Top of Data extract

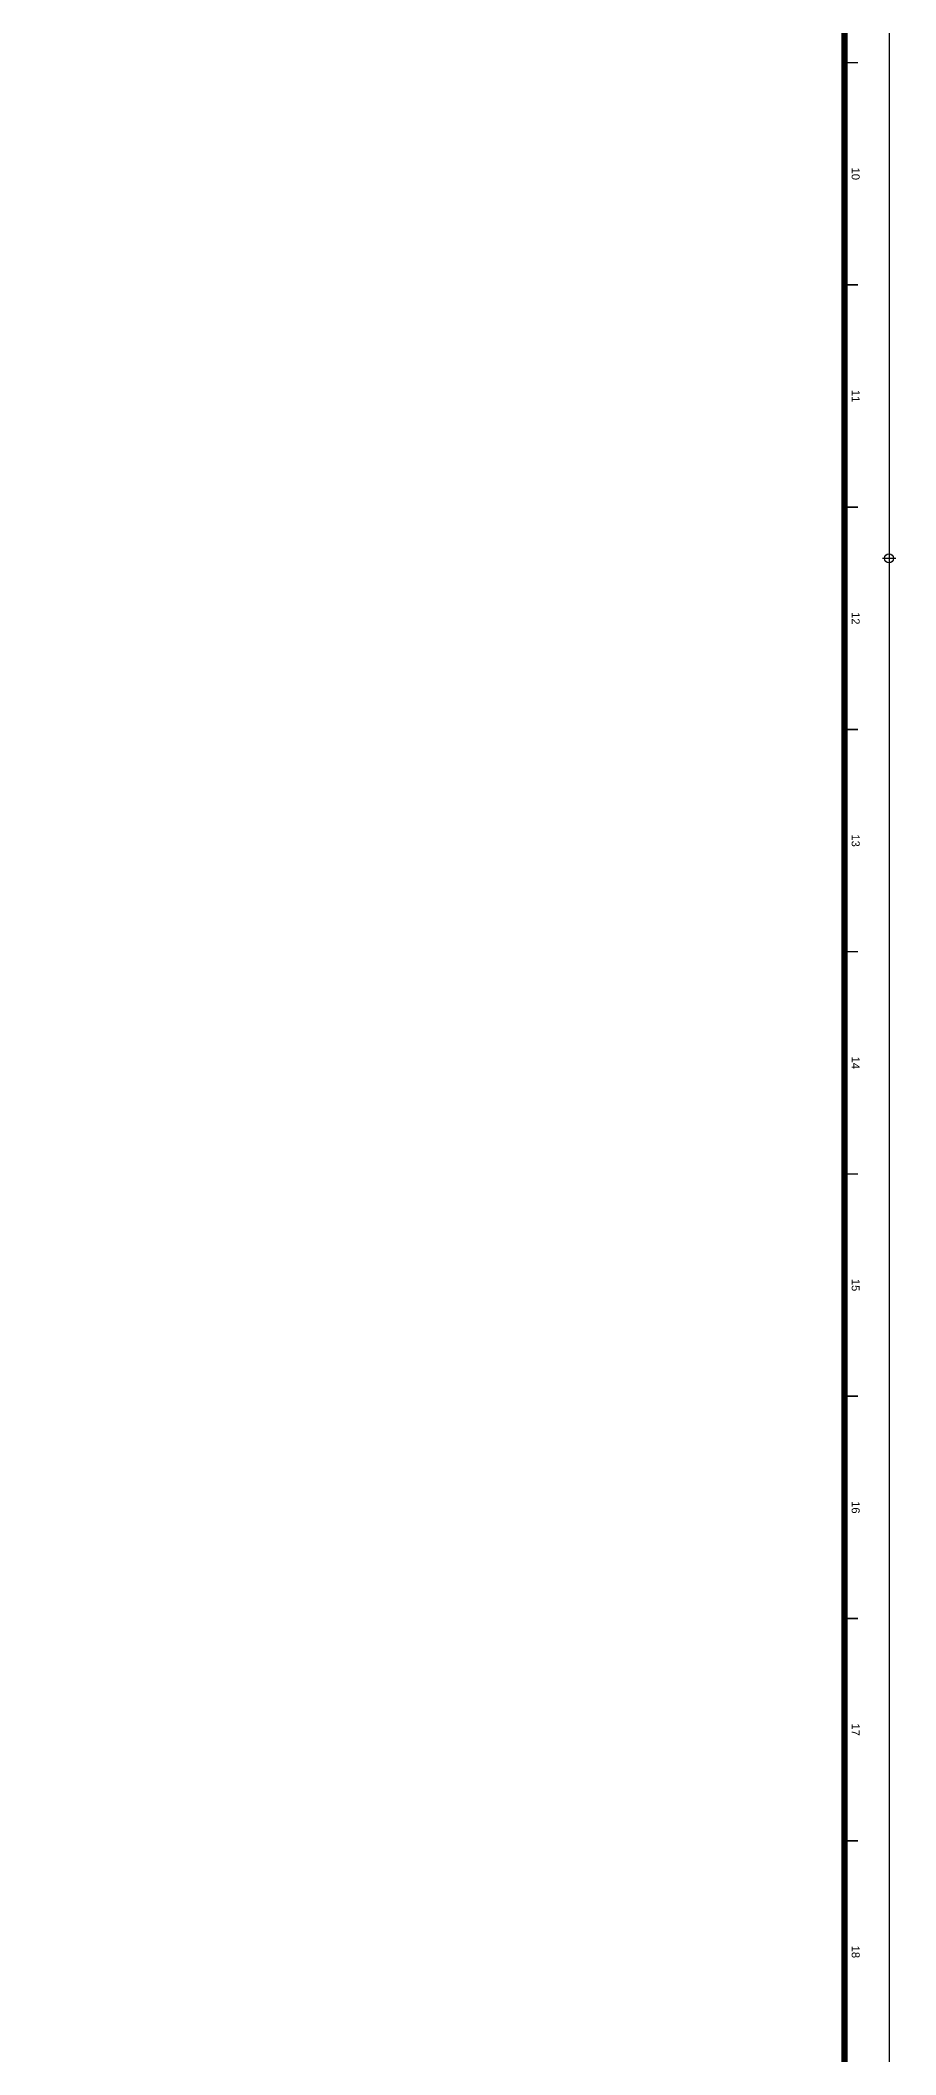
# Model space of a CAD drawing. Extents: x 447078 to 1776277, y 243534 to 519428.
# Drawn here: x 701789 to 730645, y 379534 to 447508 of the extents above; entities that cross this region are included whole.
import ezdxf
from ezdxf.enums import TextEntityAlignment as Align

# ---------------------------------------------------------------- set-up
doc = ezdxf.new("R2010")
doc.units = 0
doc.header["$LTSCALE"] = 1000
doc.header["$MEASUREMENT"] = 0
for name, color, linetype in [('G-0-XREF', 2, 'Continuous'), ('图框CCDI_B0GA0+0.00$0$G-ANNO-TEXT', 33, 'Continuous'), ('图框CCDI_B0GA0+0.00$0$G-BORD', 3, 'Continuous')]:
    doc.layers.add(name, color=color, linetype=linetype)
doc.styles.add('图框CCDI_B0GA0+0.00$0$CCDI_T_G01', font='')
doc.styles.get('图框CCDI_B0GA0+0.00$0$CCDI_T_G01').set_extended_font_data('Arial')

# ---------------------------------------------------------------- blocks, each defined once
blk = doc.blocks.new('图框CCDI_B0GA0+0.00$0$MidPoitent')
for p, q in [((-1.5, 0), (1.5, 0)), ((0, -1.5), (0, 1.5))]:
    blk.add_line(p, q)
blk.add_circle((0, 0), 1)
blk = doc.blocks.new('图框CCDI_B0GA0+0.00')
at = {"layer": '图框CCDI_B0GA0+0.00$0$G-BORD'}
blk.add_lwpolyline([(0, 84100), (118900, 84100), (118900, 0), (0, 0)], close=True, dxfattribs=at)
at = {"layer": '图框CCDI_B0GA0+0.00$0$G-BORD', "const_width": 35}
for points in [[(48300, 83100), (48300, 83400)], [(53300, 83100), (53300, 83400)], [(58300, 83100), (58300, 83400)], [(63300, 83100), (63300, 83400)], [(68300, 83100), (68300, 83400)], [(73300, 83100), (73300, 83400)], [(78300, 83100), (78300, 83400)], [(83300, 83100), (83300, 83400)], [(88300, 83100), (88300, 83400)]]:
    blk.add_lwpolyline(points, dxfattribs=at)
at = {"layer": '图框CCDI_B0GA0+0.00$0$G-BORD', "const_width": 140}
blk.add_lwpolyline([(3300, 83100), (117900, 83100), (117900, 1000), (3300, 1000)], close=True, dxfattribs=at)
at = {"layer": '图框CCDI_B0GA0+0.00$0$G-BORD', "xscale": 100, "yscale": 100, "zscale": 100}
blk.add_blockref('图框CCDI_B0GA0+0.00$0$MidPoitent', (59450, 84100), dxfattribs=at)
at = {"layer": '图框CCDI_B0GA0+0.00$0$G-ANNO-TEXT', "style": '图框CCDI_B0GA0+0.00$0$CCDI_T_G01'}
for s, p in [('10', (50800, 83350)), ('11', (55800, 83350)), ('12', (60800, 83350)), ('13', (65800, 83350)), ('14', (70800, 83350)), ('15', (75800, 83350)), ('16', (80800, 83350)), ('17', (85800, 83350)), ('18', (90800, 83350))]:
    blk.add_text(s, height=180, dxfattribs=at).set_placement(p, align=Align.MIDDLE_CENTER)

msp = doc.modelspace()

# ---------------------------------------------------------------- block references
at = {"layer": 'G-0-XREF', "xscale": 1.5, "yscale": 1.5, "zscale": 1.5, "rotation": 270}
msp.add_blockref('图框CCDI_B0GA0+0.00', (604270.2, 519203.4), dxfattribs=at)

doc.saveas('drawing.dxf')

Bottom of Data extract

* **Description of the task**
The entries above must be restated exactly in the answer, and the pictures left out.

* **Reply**
# Model space of a CAD drawing. Extents: x 447078 to 1776277, y 243534 to 519428.
# Drawn here: x 701789 to 730645, y 379534 to 447508 of the extents above; entities that cross this region are included whole.
import ezdxf
from ezdxf.enums import TextEntityAlignment as Align

# ---------------------------------------------------------------- set-up
doc = ezdxf.new("R2010")
doc.units = 0
doc.header["$LTSCALE"] = 1000
doc.header["$MEASUREMENT"] = 0
for name, color, linetype in [('G-0-XREF', 2, 'Continuous'), ('图框CCDI_B0GA0+0.00$0$G-ANNO-TEXT', 33, 'Continuous'), ('图框CCDI_B0GA0+0.00$0$G-BORD', 3, 'Continuous')]:
    doc.layers.add(name, color=color, linetype=linetype)
doc.styles.add('图框CCDI_B0GA0+0.00$0$CCDI_T_G01', font='')
doc.styles.get('图框CCDI_B0GA0+0.00$0$CCDI_T_G01').set_extended_font_data('Arial')

# ---------------------------------------------------------------- blocks, each defined once
blk = doc.blocks.new('图框CCDI_B0GA0+0.00$0$MidPoitent')
for p, q in [((-1.5, 0), (1.5, 0)), ((0, -1.5), (0, 1.5))]:
    blk.add_line(p, q)
blk.add_circle((0, 0), 1)
blk = doc.blocks.new('图框CCDI_B0GA0+0.00')
at = {"layer": '图框CCDI_B0GA0+0.00$0$G-BORD'}
blk.add_lwpolyline([(0, 84100), (118900, 84100), (118900, 0), (0, 0)], close=True, dxfattribs=at)
at = {"layer": '图框CCDI_B0GA0+0.00$0$G-BORD', "const_width": 35}
for points in [[(48300, 83100), (48300, 83400)], [(53300, 83100), (53300, 83400)], [(58300, 83100), (58300, 83400)], [(63300, 83100), (63300, 83400)], [(68300, 83100), (68300, 83400)], [(73300, 83100), (73300, 83400)], [(78300, 83100), (78300, 83400)], [(83300, 83100), (83300, 83400)], [(88300, 83100), (88300, 83400)]]:
    blk.add_lwpolyline(points, dxfattribs=at)
at = {"layer": '图框CCDI_B0GA0+0.00$0$G-BORD', "const_width": 140}
blk.add_lwpolyline([(3300, 83100), (117900, 83100), (117900, 1000), (3300, 1000)], close=True, dxfattribs=at)
at = {"layer": '图框CCDI_B0GA0+0.00$0$G-BORD', "xscale": 100, "yscale": 100, "zscale": 100}
blk.add_blockref('图框CCDI_B0GA0+0.00$0$MidPoitent', (59450, 84100), dxfattribs=at)
at = {"layer": '图框CCDI_B0GA0+0.00$0$G-ANNO-TEXT', "style": '图框CCDI_B0GA0+0.00$0$CCDI_T_G01'}
for s, p in [('10', (50800, 83350)), ('11', (55800, 83350)), ('12', (60800, 83350)), ('13', (65800, 83350)), ('14', (70800, 83350)), ('15', (75800, 83350)), ('16', (80800, 83350)), ('17', (85800, 83350)), ('18', (90800, 83350))]:
    blk.add_text(s, height=180, dxfattribs=at).set_placement(p, align=Align.MIDDLE_CENTER)

msp = doc.modelspace()

# ---------------------------------------------------------------- block references
at = {"layer": 'G-0-XREF', "xscale": 1.5, "yscale": 1.5, "zscale": 1.5, "rotation": 270}
msp.add_blockref('图框CCDI_B0GA0+0.00', (604270.2, 519203.4), dxfattribs=at)

doc.saveas('drawing.dxf')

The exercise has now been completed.